Please be careful with what you delete and also note that while some files might have the same values that don’t necessarily mean they are exact duplicates, for example you may see the same PDF twice in the case where the first file is an original PDF and the second is a scan image version with the addition of a text layer beneath the image.

Risks Of Deleting Email Attachments

We recommend that you do not delete duplicates marked as ‘IsEmailAttachemnt’ in
Lexbe eDiscovery Platform so that users reviewing email collection will be able to establish how the content was distributed and who may have been sharing information. Often, email (MSGs) created by different custodians may also contain the same attachments.

NOTE: In case there is an email attachment and a loose file that are duplicates, both files will not be marked as 'IsDuplicate' in
Lexbe eDiscovery Platform. The attachments generally should not be deleted as duplicates, unless the entire email body is as well. Otherwise, the email family will be broken and the Document Viewer will not associate them. Our system will not dedup email attachments from different email families.

Still Finding Duplicates In The Case?

That is possible, since a file can be introduced into a document collection in multiple ways. For example, different custodians might attach the same document to an email and send it to different recipients, creating separate versions of the same file. During a document collection, those separate emails can be collected and introduced into a document collection and the same attachments are also captured along with each email. Those emails are kept in different families, and deduplication will not eliminate copies in different email families.

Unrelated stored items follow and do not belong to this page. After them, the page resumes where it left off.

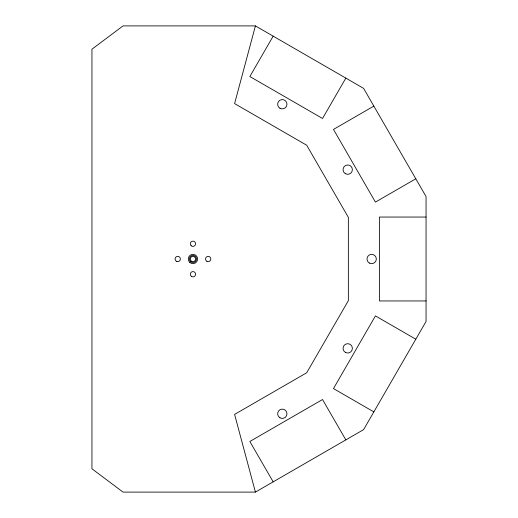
<?xml version="1.0" encoding="UTF-8"?>
<svg xmlns="http://www.w3.org/2000/svg" width="518" height="518" viewBox="0 0 518 518"><rect width="100%" height="100%" fill="white"/><g stroke="black" fill="none" stroke-linecap="round" stroke-linejoin="round"><path stroke-width="0.78" d="M255.413 25.9L234.596 103.6L306.714 145.241L348.355 217.359L348.355 300.641L306.714 372.759L234.596 414.4L255.413 492.1L363.597 429.642L426.055 321.458L426.055 196.542L363.597 88.358L255.413 25.9L123.025 25.9L91.945 49.21L91.945 468.79L123.025 492.1L255.413 492.1M273.167 36.15L249.857 76.522L322.533 118.48L345.843 78.108M373.847 106.112L333.475 129.422L375.433 202.098L415.805 178.788M426.055 217.042L379.435 217.042L379.435 300.958L426.055 300.958M415.805 339.212L375.433 315.902L333.475 388.578L373.847 411.888M345.843 439.892L322.533 399.52L249.857 441.478L273.167 481.85M206.863 261.286A2.642 2.642 0 0 0 210.826 259A2.642 2.642 0 0 0 206.863 256.714A2.642 2.642 0 0 0 206.863 261.286M191.634 261.286A2.642 2.642 0 0 0 195.597 259A2.642 2.642 0 0 0 191.634 256.714A2.642 2.642 0 0 0 191.634 261.286M191.634 276.515A2.642 2.642 0 0 0 195.597 274.229A2.642 2.642 0 0 0 191.634 271.944A2.642 2.642 0 0 0 191.634 276.515M176.405 261.286A2.642 2.642 0 0 0 180.368 259A2.642 2.642 0 0 0 176.405 256.714A2.642 2.642 0 0 0 176.405 261.286M191.187 245.733A2.642 2.642 0 0 0 195.539 244.321A2.642 2.642 0 0 0 192.139 241.258A2.642 2.642 0 0 0 191.187 245.733M190.566 261.655A3.574 3.574 0 0 0 196.451 259.745A3.574 3.574 0 0 0 191.848 255.601A3.574 3.574 0 0 0 190.566 261.655M189.834 262.464A4.662 4.662 0 0 0 197.513 259.971A4.662 4.662 0 0 0 191.518 254.565A4.662 4.662 0 0 0 189.834 262.464M369.334 263.04A4.662 4.662 0 0 0 376.327 259A4.662 4.662 0 0 0 369.334 254.96A4.662 4.662 0 0 0 369.334 263.04M345.389 173.685A4.662 4.662 0 0 0 352.382 169.645A4.662 4.662 0 0 0 345.389 165.605A4.662 4.662 0 0 0 345.389 173.685M279.979 417.806A4.662 4.662 0 0 0 286.972 413.765A4.662 4.662 0 0 0 279.979 409.732A4.662 4.662 0 0 0 279.979 417.806M345.389 352.395A4.662 4.662 0 0 0 352.382 348.355A4.662 4.662 0 0 0 345.389 344.315A4.662 4.662 0 0 0 345.389 352.395M279.979 108.268A4.662 4.662 0 0 0 286.972 104.235A4.662 4.662 0 0 0 279.979 100.194A4.662 4.662 0 0 0 279.979 108.268"/></g></svg>
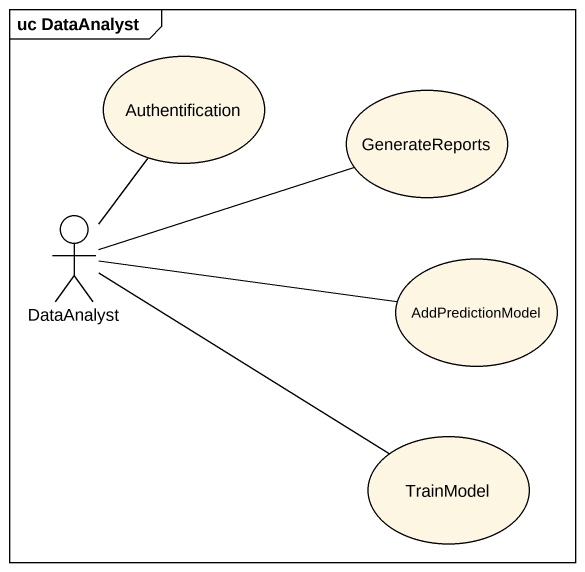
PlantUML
@startuml
mainframe uc DataAnalyst
usecase Authentification
usecase GenerateReports
actor DataAnalyst
usecase AddPredictionModel
usecase TrainModel
DataAnalyst -up- Authentification
DataAnalyst -right- GenerateReports
DataAnalyst -right- AddPredictionModel
DataAnalyst -right- TrainModel
@enduml
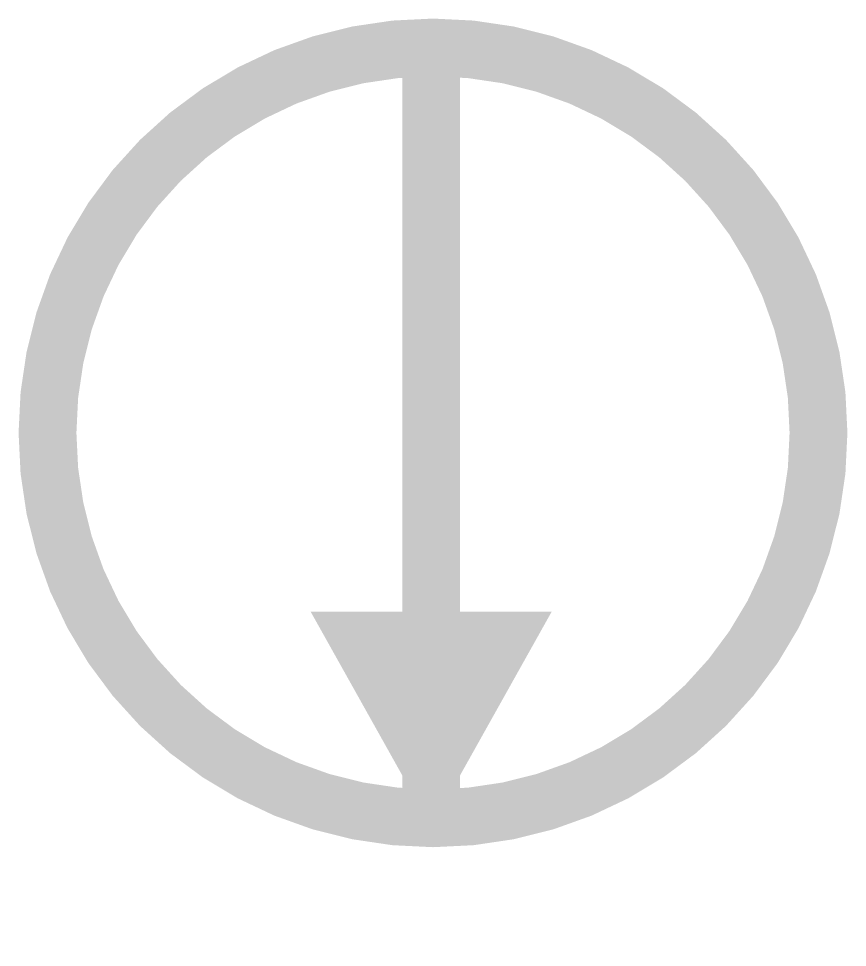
# Model space of a CAD drawing. Extents: x -0.15 to 4.15, y -0.67 to 4.15.
import ezdxf

# ---------------------------------------------------------------- set-up
doc = ezdxf.new("R2010")
doc.units = 0
doc.header["$MEASUREMENT"] = 0
doc.layers.get('0').update_dxf_attribs({"linetype": 'CONTINUOUS'})

msp = doc.modelspace()

# ---------------------------------------------------------------- linework, layer by layer
at = {"const_width": 0.3}
msp.add_lwpolyline([(2, 0, 1), (2, 4, 1), (2, 0, 1)], format="xyb", dxfattribs=at)
msp.add_lwpolyline([(1.9905, 3.8911), (1.9905, 0.0717)], dxfattribs=at)
msp.add_lwpolyline([(1.9905, -0.0452, 0, 1.25, 0), (1.9905, 1.0717, 1.25, 1.25, 0)], format="xyseb")

doc.saveas('drawing.dxf')
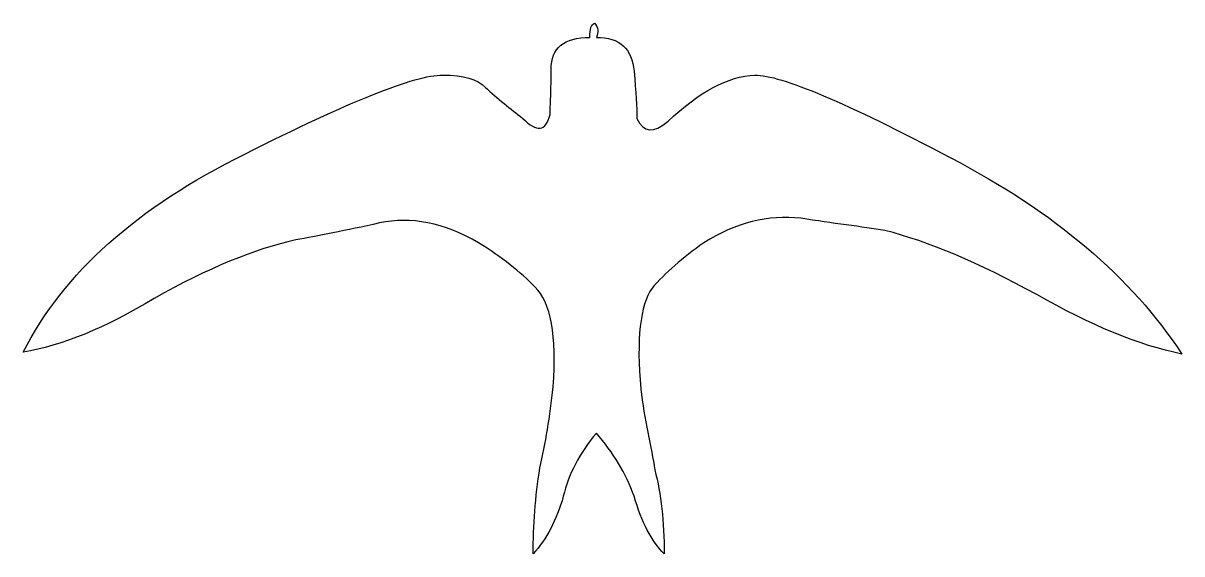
# Model space of a CAD drawing. Header units: centimetres. Extents: x -10 to 10, y -4.6 to 4.6.
import ezdxf

# ---------------------------------------------------------------- set-up
doc = ezdxf.new("R2010")
doc.units = ezdxf.units.CM
doc.header["$MEASUREMENT"] = 0
doc.layers.add('Camada 1', color=7, linetype='Continuous')

msp = doc.modelspace()

# ---------------------------------------------------------------- linework, layer by layer
at = {"layer": 'Camada 1'}
msp.add_open_spline([(0.90439, -3.13671), (0.87283, -2.94322), (0.83298, -2.72563), (0.78313, -2.48475), (0.78313, -2.48475), (0.735, -2.24641), (0.69344, -1.99561), (0.66108, -1.73481), (0.66108, -1.73481), (0.58551, -0.87862), (0.64944, -0.29728), (0.85624, 0.00752), (0.85624, 0.00752), (1.08463, 0.26911), (1.38276, 0.52989), (1.75315, 0.79066), (1.75315, 0.79066), (2.30375, 1.13782), (2.86517, 1.27815), (3.42989, 1.21421), (3.42989, 1.21421), (3.70146, 1.17103), (3.96303, 1.13282), (4.21303, 1.09959), (4.21303, 1.09959), (4.46216, 1.0672), (4.68555, 1.03315), (4.87991, 1.00243), (4.87991, 1.00243), (5.62815, 0.8164), (6.50347, 0.44847), (7.50505, -0.10543), (7.50505, -0.10543), (8.43686, -0.63859), (9.27231, -0.97993), (10.01309, -1.13355), (10.01309, -1.13355), (9.14444, 0.19355), (7.81398, 1.323), (6.02016, 2.25812), (6.02016, 2.25812), (4.21636, 3.21234), (3.08691, 3.68986), (2.63183, 3.68986), (2.63183, 3.68986), (2.17505, 3.66827), (1.6751, 3.40168), (1.13363, 2.89344), (1.13363, 2.89344), (0.88116, 2.67585), (0.70426, 2.69246), (0.59467, 2.94077), (0.59467, 2.94077), (0.59467, 3.12431), (0.57885, 3.3967), (0.54564, 3.75463), (0.54564, 3.75463), (0.51241, 4.14661), (0.29651, 4.34177), (-0.10545, 4.34177), (-0.10545, 4.34177), (-0.06391, 4.4298), (-0.07389, 4.51036), (-0.13784, 4.58675), (-0.13784, 4.58675), (-0.19224, 4.56519), (-0.21965, 4.48462), (-0.21965, 4.34177), (-0.21965, 4.34177), (-0.66518, 4.34177), (-0.8882, 4.15741), (-0.8882, 3.78951), (-0.8882, 3.78951), (-0.8882, 3.61428), (-0.89108, 3.45981), (-0.89442, 3.32527), (-0.89442, 3.32527), (-0.90191, 3.18742), (-0.90397, 3.08193), (-0.90397, 3.00637), (-0.90397, 3.00637), (-0.98078, 2.71321), (-1.13733, 2.69247), (-1.37691, 2.94078), (-1.37691, 2.94078), (-1.59366, 3.10522), (-1.81128, 3.28294), (-2.02802, 3.47976), (-2.02802, 3.47976), (-2.15883, 3.61845), (-2.40341, 3.68987), (-2.76219, 3.68987), (-2.76219, 3.68987), (-3.24095, 3.68987), (-4.37953, 3.23394), (-6.18294, 2.3229), (-6.18294, 2.3229), (-8.03988, 1.40933), (-9.31716, 0.26908), (-10.01309, -1.09874), (-10.01309, -1.09874), (-9.34954, -0.99158), (-8.5963, -0.68266), (-7.7463, -0.17106), (-7.7463, -0.17106), (-6.82447, 0.34964), (-6.01058, 0.686), (-5.30176, 0.83878), (-5.30176, 0.83878), (-5.11949, 0.87283), (-4.90481, 0.9127), (-4.65898, 0.96171), (-4.65898, 0.96171), (-4.41525, 1.01071), (-4.14616, 1.06717), (-3.85383, 1.13279), (-3.85383, 1.13279), (-3.31112, 1.25071), (-2.74057, 1.13776), (-2.14221, 0.79063), (-2.14221, 0.79063), (-1.7411, 0.53901), (-1.41471, 0.28488), (-1.16555, 0.02411), (-1.16555, 0.02411), (-0.89274, -0.23502), (-0.78976, -0.81134), (-0.85329, -1.70246), (-0.85329, -1.70246), (-0.90936, -2.21237), (-0.9845, -2.67994), (-1.08332, -3.10266), (-1.08332, -3.10266), (-1.15973, -3.60262), (-1.19751, -4.09673), (-1.19751, -4.58673), (-1.19751, -4.58673), (-0.96915, -4.3376), (-0.79473, -4.00623), (-0.67721, -3.59182), (-0.67721, -3.59182), (-0.58961, -3.2131), (-0.39818, -2.84932), (-0.10545, -2.50139), (-0.10545, -2.50139), (0.18856, -2.83855), (0.4053, -3.20148), (0.54564, -3.59182), (0.54564, -3.59182), (0.67685, -4.03862), (0.84957, -4.36911), (1.06719, -4.58673), (1.06719, -4.58673), (1.06719, -4.58673), (1.06719, -4.58673), (1.06719, -4.58673), (1.06719, -4.58673), (1.06719, -4.58673), (1.06719, -4.58673), (1.06719, -4.58673), (1.06719, -4.58673), (1.06716, -4.03278), (1.01234, -3.54949), (0.90439, -3.13671), (0.90439, -3.13671), (0.90439, -3.13671), (0.90439, -3.13671), (0.90439, -3.13671)], degree=3, knots=[0, 0, 0, 0, 0.02325581, 0.02325581, 0.02325581, 0.02325581, 0.04651163, 0.04651163, 0.04651163, 0.04651163, 0.06976744, 0.06976744, 0.06976744, 0.06976744, 0.09302326, 0.09302326, 0.09302326, 0.09302326, 0.11627907, 0.11627907, 0.11627907, 0.11627907, 0.13953488, 0.13953488, 0.13953488, 0.13953488, 0.1627907, 0.1627907, 0.1627907, 0.1627907, 0.18604651, 0.18604651, 0.18604651, 0.18604651, 0.20930233, 0.20930233, 0.20930233, 0.20930233, 0.23255814, 0.23255814, 0.23255814, 0.23255814, 0.25581395, 0.25581395, 0.25581395, 0.25581395, 0.27906977, 0.27906977, 0.27906977, 0.27906977, 0.30232558, 0.30232558, 0.30232558, 0.30232558, 0.3255814, 0.3255814, 0.3255814, 0.3255814, 0.34883721, 0.34883721, 0.34883721, 0.34883721, 0.37209302, 0.37209302, 0.37209302, 0.37209302, 0.39534884, 0.39534884, 0.39534884, 0.39534884, 0.41860465, 0.41860465, 0.41860465, 0.41860465, 0.44186047, 0.44186047, 0.44186047, 0.44186047, 0.46511628, 0.46511628, 0.46511628, 0.46511628, 0.48837209, 0.48837209, 0.48837209, 0.48837209, 0.51162791, 0.51162791, 0.51162791, 0.51162791, 0.53488372, 0.53488372, 0.53488372, 0.53488372, 0.55813953, 0.55813953, 0.55813953, 0.55813953, 0.58139535, 0.58139535, 0.58139535, 0.58139535, 0.60465116, 0.60465116, 0.60465116, 0.60465116, 0.62790698, 0.62790698, 0.62790698, 0.62790698, 0.65116279, 0.65116279, 0.65116279, 0.65116279, 0.6744186, 0.6744186, 0.6744186, 0.6744186, 0.69767442, 0.69767442, 0.69767442, 0.69767442, 0.72093023, 0.72093023, 0.72093023, 0.72093023, 0.74418605, 0.74418605, 0.74418605, 0.74418605, 0.76744186, 0.76744186, 0.76744186, 0.76744186, 0.79069767, 0.79069767, 0.79069767, 0.79069767, 0.81395349, 0.81395349, 0.81395349, 0.81395349, 0.8372093, 0.8372093, 0.8372093, 0.8372093, 0.86046512, 0.86046512, 0.86046512, 0.86046512, 0.88372093, 0.88372093, 0.88372093, 0.88372093, 0.90697674, 0.90697674, 0.90697674, 0.90697674, 0.93023256, 0.93023256, 0.93023256, 0.93023256, 0.95348837, 0.95348837, 0.95348837, 0.95348837, 1, 1, 1, 1], dxfattribs=at)

doc.saveas('drawing.dxf')

Manually Identifying & Reviewing Duplicates

If needed and subject to your own manual review and quality control, you may group and review similar
documents and determine that some are duplicates for batch coding, even though they do not qualify as exact duplicates or hash duplicates.  Without a thorough manual review you cannot be sure they are not really different documents.  Files for this purpose can be displayed and sorted by title, extension, size or same number of words, looking for similarities that might indicate duplicates. 
Here are the steps to try this approach:
>From the Browse or Search pages, show Column Section>Built-in Doc Fields
>Select the Original Title, Ext, Pages, Words, Size, and IsEmailAttachment columns. This will help you to consider files with similar names, exact number of pages, words, etc.
>Sort on the various column head and look for similarities that suggest duplicates.
>Do not delete a file unless you are sure it really is.
>Do not delete files as duplicate if they are attachments to email.